The way the plot developed was intriguing. It was very easy to understand because of how straightforward it is. The story is constantly moving to the next part which makes it feel fast paced. This comes into the storys advantage to keep the audience entertained by constantly throwing new scenarios.

 

However, this is also a disadvantage that makes the storyline suffer a bit. In the first act there were three separate times where it appeared it was going to end. While the story moves fast into each scene, those parts start to add up and can be very overwhelming and long. In fact the first act feels twice as long as the second act despite only having one more song. The story could have been written tighter.

 

But the thing that this story does very well is characterization. They have wants, they have needs and do evolve through the story. Highlights for me were Dmitry (played by Sam McLellan) and Dowager Empress (Gerri Weagraff) because of their amazing facial expressions and mannerisms, like the scene where Dowager was heart-broken. Gerri Weagraff was able to show pain just with her eyes and mouth. Additionally, the part where Dmitry feels a moment of pride which McLellan portrays by standing still and silently contemplating.

 

Another aspect was how the sets and visual backgrounds made the characters stand out. This was unexpected. These backgrounds aren’t just still images but animations and moving objects that make the world feel lively. While most of them are great, some of them are a bit weird. For example, the train scene.

 

This scene took place inside a train, but the way they combined the set with visual background was odd. The background point-of-view wasn’t inside the train, as it was just a red 3d frame of a train. They did this to make interesting perspectives like changing the point of view as the ensemble would alter the set on stage. It was definitely unique but just came out as odd and unfitting; it felt impressive but excessive. On the other hand, the sets using traditional methods with furniture and props were near perfect; nothing was underwhelming.
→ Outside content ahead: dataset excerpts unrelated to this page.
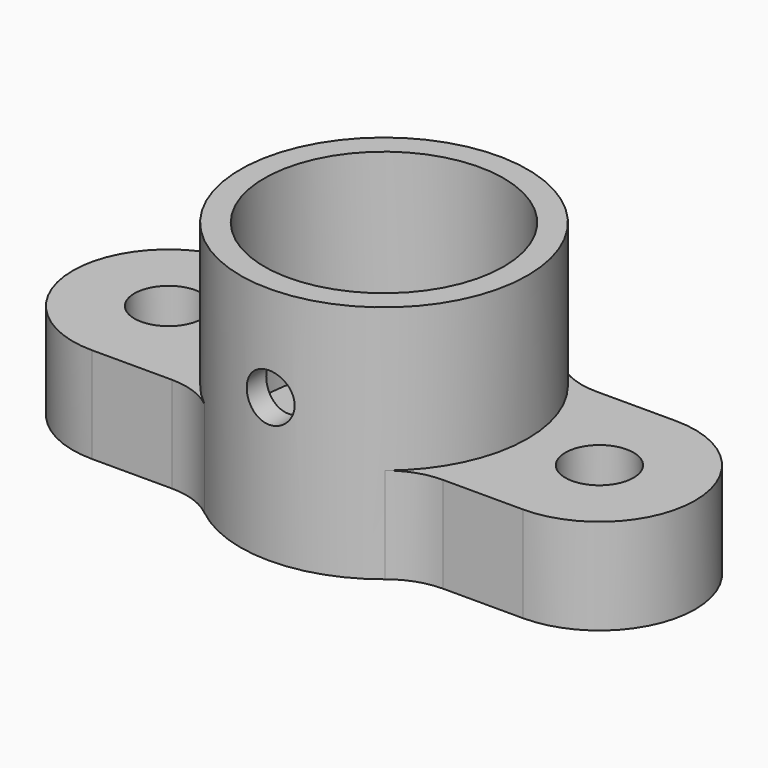
from build123d import *

# Parameters (mm, degrees)
F1_DEPTH       = 20
F2_R           = 30
F3_DEPTH       = 50
F4_R           = 25
F5_DEPTH       = 40
F7_D           = 8.8
F7_CBORE_D     = 14.25
F7_CBORE_DEPTH = 8
F8_R           = 5
F9_DEPTH       = 30.001
F10_R          = 7.5
F11_DEPTH      = 10
F12_R          = 15


# Not quite as in the source:
# - a pattern or mirror of a feature is missing from the dataset's text; its kind, count and spacing are read off the source's solid


with BuildPart() as f1:
    # F0 (on Top) → F1 (new body)
    with BuildSketch(Plane.XY):
        with BuildLine():
            Line((-45, -20), (45, -20))
            ThreePointArc((45, -20), (65, 0), (45, 20))
            Line((45, 20), (-45, 20))
            ThreePointArc((-45, 20), (-65, 0), (-45, -20))
        make_face()
    extrude(amount=F1_DEPTH)

    # F2 (on Top) → F3 (join)
    with BuildSketch(Plane.XY):
        Circle(F2_R)
    extrude(amount=F3_DEPTH)

    # F4 (on face) → F5 (cut)
    with BuildSketch(Plane.XY.offset(50)):
        Circle(F4_R)
    extrude(amount=-F5_DEPTH, mode=Mode.SUBTRACT)

    # F7 (through all)
    with Locations(Plane.XY.offset(20)):
        with Locations((45, 0)):
            f7 = CounterBoreHole(F7_D / 2, F7_CBORE_D / 2, F7_CBORE_DEPTH)

    # F7_copies: F7 across plane
    add(f7.mirror(Plane(origin=(0, 0, 0), x_dir=(0, 0, -1), z_dir=(-1, 0, 0))), mode=Mode.SUBTRACT)

    # F8 (on Front) → F9 (cut, through all)
    with BuildSketch(Plane.XZ):
        with Locations((0, 30)):
            Circle(F8_R)
    extrude(amount=F9_DEPTH, mode=Mode.SUBTRACT)

    # F10 (on face) → F11 (cut, through all)
    with BuildSketch(Plane.XY.offset(10)):
        Circle(F10_R)
    extrude(amount=-F11_DEPTH, mode=Mode.SUBTRACT)

    # F12
    f12_edges = [f1.edges().sort_by_distance(p)[0] for p in [
        (-22.36068, -20, 10),
        (22.36068, -20, 10),
        (-22.36068, 20, 10),
        (22.36068, 20, 10),
    ]]
    fillet(f12_edges, radius=F12_R)


solid = f1.part

Just the right amount of stuff on stage to make this work.

 

The people who do the best job making this world beautiful are the ensemble cast! This is the best ensemble I have seen in a Broadway tour so far. Everyone looked like they had something to say and had things to do. It felt like they actually lived in this world. A big highlight was Christian McQueen, specifically his part as Count Ipolitov during the train station scene. Just seeing him walk around was a joy. The way he twisted and turned while looking like a man with respect and power as he sang beautifully in “Stay, I Pray You”.

 

Speaking of singing, the entire cast definitely sang wonderfully and it sounded great, but there were many times where the words were unclear. They sang too loud and didn’t have enough diction, and at some points it just sounded like a mesh of noise. The person with the best diction was Brandon Delgado who played as Gleb. He was astounding with his words, singing very clearly, no matter how high or low he had to go.

 

Overall Anastasia was a fun time, despite the lack of diction during songs. This is a show everyone should experience because of its unique and interesting story, amazing sets, and polished acting from the entire cast.